◆ EXERCISE DESCRIPTION
Look through the data below for the string "kernel", and copy every line where it turns up.

◆ RECORDS PROVIDED
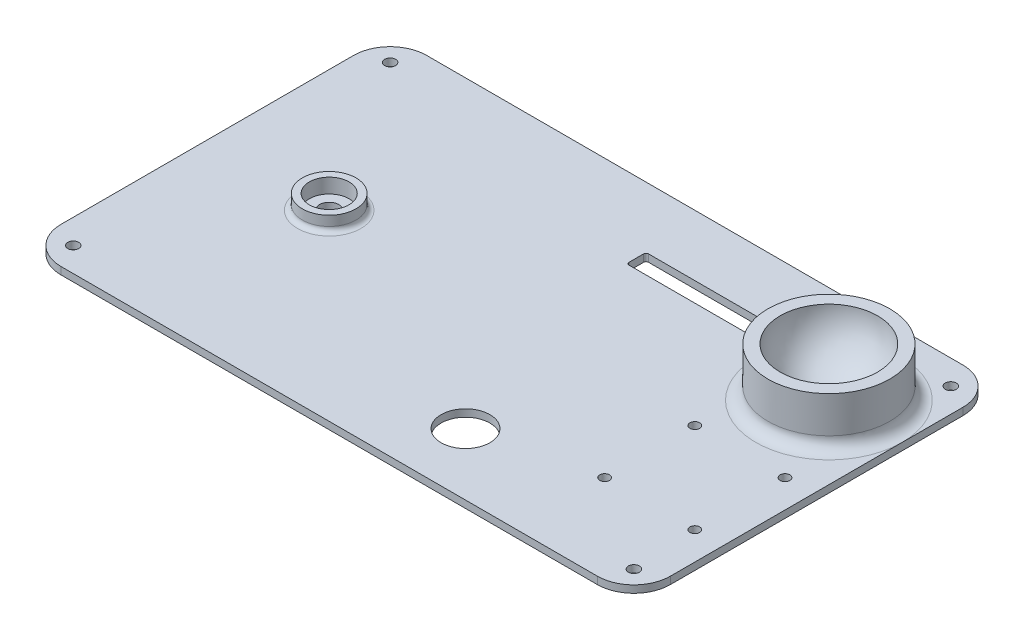
from build123d import *

# Parameters (mm, degrees)
CROQUIS1_W              = 250
CROQUIS1_H              = 150
SALIENTE_EXTRUIR1_DEPTH = 3
REDONDEO1_R             = 15
CORTAR_EXTRUIR1_REACH   = 147.805
CROQUIS2_R              = 2.25
CROQUIS3_R              = 4
CORTAR_EXTRUIR2_DEPTH   = 5
CROQUIS4_R              = 11
CROQUIS4_R_2            = 8.15
SALIENTE_EXTRUIR2_DEPTH = 6
REDONDEO2_R             = 2
CROQUIS5_R              = 25
CROQUIS5_R_2            = 20
SALIENTE_EXTRUIR3_DEPTH = 20
REDONDEO3_R             = 20
REDONDEO4_R             = 5
CROQUIS11_W             = 60
CROQUIS11_H             = 8
CORTAR_EXTRUIR6_DEPTH   = 20
REDONDEO7_R             = 1
CROQUIS12_R             = 10
CORTAR_EXTRUIR7_DEPTH   = 200
CROQUIS6_R              = 2
CORTAR_EXTRUIR8_DEPTH   = 10


with BuildPart() as part:
    # Croquis1 → Saliente-Extruir1 (new body)
    with BuildSketch(Plane(origin=(0, 0, 0), x_dir=(1, 0, 0), z_dir=(0, 1, 0))):
        Rectangle(CROQUIS1_W, CROQUIS1_H)
    extrude(amount=SALIENTE_EXTRUIR1_DEPTH)

    # Redondeo1
    redondeo1_edges = [part.edges().sort_by_distance(p)[0] for p in [
        (125, 1.5, 75),
        (-125, 1.5, 75),
        (-125, 1.5, -75),
        (125, 1.5, -75),
    ]]
    fillet(redondeo1_edges, radius=REDONDEO1_R)

    # Croquis2 → Cortar-Extruir1 (cut, up to next)
    with BuildSketch(Plane(origin=(0, 3, 0), x_dir=(1, 0, 0), z_dir=(0, 1, 0)), mode=Mode.PRIVATE) as cortar_extruir1_sk1:
        with Locations(Location((-115, 65, 0), (0, 0, 270))):
            Circle(CROQUIS2_R)
    cortar_extruir1_tool1 = extrude(cortar_extruir1_sk1.sketch, amount=-CORTAR_EXTRUIR1_REACH, mode=Mode.PRIVATE) & part.part
    # Croquis2 → Cortar-Extruir1 (cut, up to next)
    with BuildSketch(Plane(origin=(0, 3, 0), x_dir=(1, 0, 0), z_dir=(0, 1, 0)), mode=Mode.PRIVATE) as cortar_extruir1_sk2:
        with Locations(Location((115, 65, 0), (0, 0, 270))):
            Circle(CROQUIS2_R)
    cortar_extruir1_tool2 = extrude(cortar_extruir1_sk2.sketch, amount=-CORTAR_EXTRUIR1_REACH, mode=Mode.PRIVATE) & part.part
    # Croquis2 → Cortar-Extruir1 (cut, up to next)
    with BuildSketch(Plane(origin=(0, 3, 0), x_dir=(1, 0, 0), z_dir=(0, 1, 0)), mode=Mode.PRIVATE) as cortar_extruir1_sk3:
        with Locations(Location((115, -65, 0), (0, 0, 270))):
            Circle(CROQUIS2_R)
    cortar_extruir1_tool3 = extrude(cortar_extruir1_sk3.sketch, amount=-CORTAR_EXTRUIR1_REACH, mode=Mode.PRIVATE) & part.part
    # Croquis2 → Cortar-Extruir1 (cut, up to next)
    with BuildSketch(Plane(origin=(0, 3, 0), x_dir=(1, 0, 0), z_dir=(0, 1, 0)), mode=Mode.PRIVATE) as cortar_extruir1_sk4:
        with Locations(Location((-115, -65, 0), (0, 0, 270))):
            Circle(CROQUIS2_R)
    cortar_extruir1_tool4 = extrude(cortar_extruir1_sk4.sketch, amount=-CORTAR_EXTRUIR1_REACH, mode=Mode.PRIVATE) & part.part
    add(cortar_extruir1_tool1.solids().sort_by_distance((-115, 3, -65))[0], mode=Mode.SUBTRACT)
    add(cortar_extruir1_tool2.solids().sort_by_distance((115, 3, -65))[0], mode=Mode.SUBTRACT)
    add(cortar_extruir1_tool3.solids().sort_by_distance((115, 3, 65))[0], mode=Mode.SUBTRACT)
    add(cortar_extruir1_tool4.solids().sort_by_distance((-115, 3, 65))[0], mode=Mode.SUBTRACT)

    # Croquis3 → Cortar-Extruir2 (cut)
    with BuildSketch(Plane(origin=(0, 3, 0), x_dir=(1, 0, 0), z_dir=(0, 1, 0))):
        with Locations(Location((-75, 0, 0), (0, 0, 270))):
            Circle(CROQUIS3_R)
    extrude(amount=-CORTAR_EXTRUIR2_DEPTH, mode=Mode.SUBTRACT)

    # Croquis4 → Saliente-Extruir2 (add)
    with BuildSketch(Plane(origin=(0, 3, 0), x_dir=(1, 0, 0), z_dir=(0, 1, 0))):
        with Locations(Location((-75, 0, 0), (0, 0, 90))):
            Circle(CROQUIS4_R)
        with Locations(Location((-75, 0, 0), (0, 0, 270))):
            Circle(CROQUIS4_R_2, mode=Mode.SUBTRACT)
    extrude(amount=SALIENTE_EXTRUIR2_DEPTH)

    # Redondeo2
    redondeo2_edges = [part.edges().sort_by_distance(p)[0] for p in [
        (-75, 3, 11),
    ]]
    fillet(redondeo2_edges, radius=REDONDEO2_R)

    # Croquis5 → Saliente-Extruir3 (add)
    with BuildSketch(Plane(origin=(0, 3, 0), x_dir=(1, 0, 0), z_dir=(0, 1, 0))):
        with Locations(Location((95, 35, 0), (0, 0, 90))):
            Circle(CROQUIS5_R)
        with Locations(Location((95, 35, 0), (0, 0, 270))):
            Circle(CROQUIS5_R_2, mode=Mode.SUBTRACT)
    extrude(amount=SALIENTE_EXTRUIR3_DEPTH)

    # Redondeo3
    redondeo3_edges = [part.edges().sort_by_distance(p)[0] for p in [
        (95, 3, -55),
    ]]
    fillet(redondeo3_edges, radius=REDONDEO3_R - 0.0001)  # a hair under: the kernel refuses the full size

    # Redondeo4
    redondeo4_edges = [part.edges().sort_by_distance(p)[0] for p in [
        (95, 3, -10),
    ]]
    fillet(redondeo4_edges, radius=REDONDEO4_R - 0.0001)  # a hair under: the kernel refuses the full size

    # Croquis11 → Cortar-Extruir6 (cut)
    with BuildSketch(Plane(origin=(0, 3, 0), x_dir=(1, 0, 0), z_dir=(0, 1, 0))):
        with Locations((35, 46)):
            Rectangle(CROQUIS11_W, CROQUIS11_H)
    extrude(amount=-CORTAR_EXTRUIR6_DEPTH, mode=Mode.SUBTRACT)

    # Redondeo7
    redondeo7_edges = [part.edges().sort_by_distance(p)[0] for p in [
        (5, 1.5, -42),
        (5, 1.5, -50),
        (65, 1.5, -50),
        (65, 1.5, -42),
    ]]
    fillet(redondeo7_edges, radius=REDONDEO7_R)

    # Croquis12 → Cortar-Extruir7 (cut)
    with BuildSketch(Plane(origin=(0, 3, 0), x_dir=(1, 0, 0), z_dir=(0, 1, 0))):
        with Locations(Location((30.572379794, -49.649260846, 0), (0, 0, 270))):
            Circle(CROQUIS12_R)
    extrude(amount=-CORTAR_EXTRUIR7_DEPTH, mode=Mode.SUBTRACT)

    # Croquis6 → Cortar-Extruir8 (cut)
    with BuildSketch(Plane(origin=(0, 3, 0), x_dir=(1, 0, 0), z_dir=(0, 1, 0))):
        with Locations(Location((113.5, -1.5, 0), (0, 0, 270))):
            Circle(CROQUIS6_R)
        with Locations(Location((113.5, -38.5, 0), (0, 0, 270))):
            Circle(CROQUIS6_R)
        with Locations(Location((76.5, -38.5, 0), (0, 0, 270))):
            Circle(CROQUIS6_R)
        with Locations(Location((76.5, -1.5, 0), (0, 0, 270))):
            Circle(CROQUIS6_R)
    extrude(amount=-CORTAR_EXTRUIR8_DEPTH, mode=Mode.SUBTRACT)


solid = part.part

◆ WRITTEN ANSWER
    fillet(redondeo3_edges, radius=REDONDEO3_R - 0.0001)  # a hair under: the kernel refuses the full size
    fillet(redondeo4_edges, radius=REDONDEO4_R - 0.0001)  # a hair under: the kernel refuses the full size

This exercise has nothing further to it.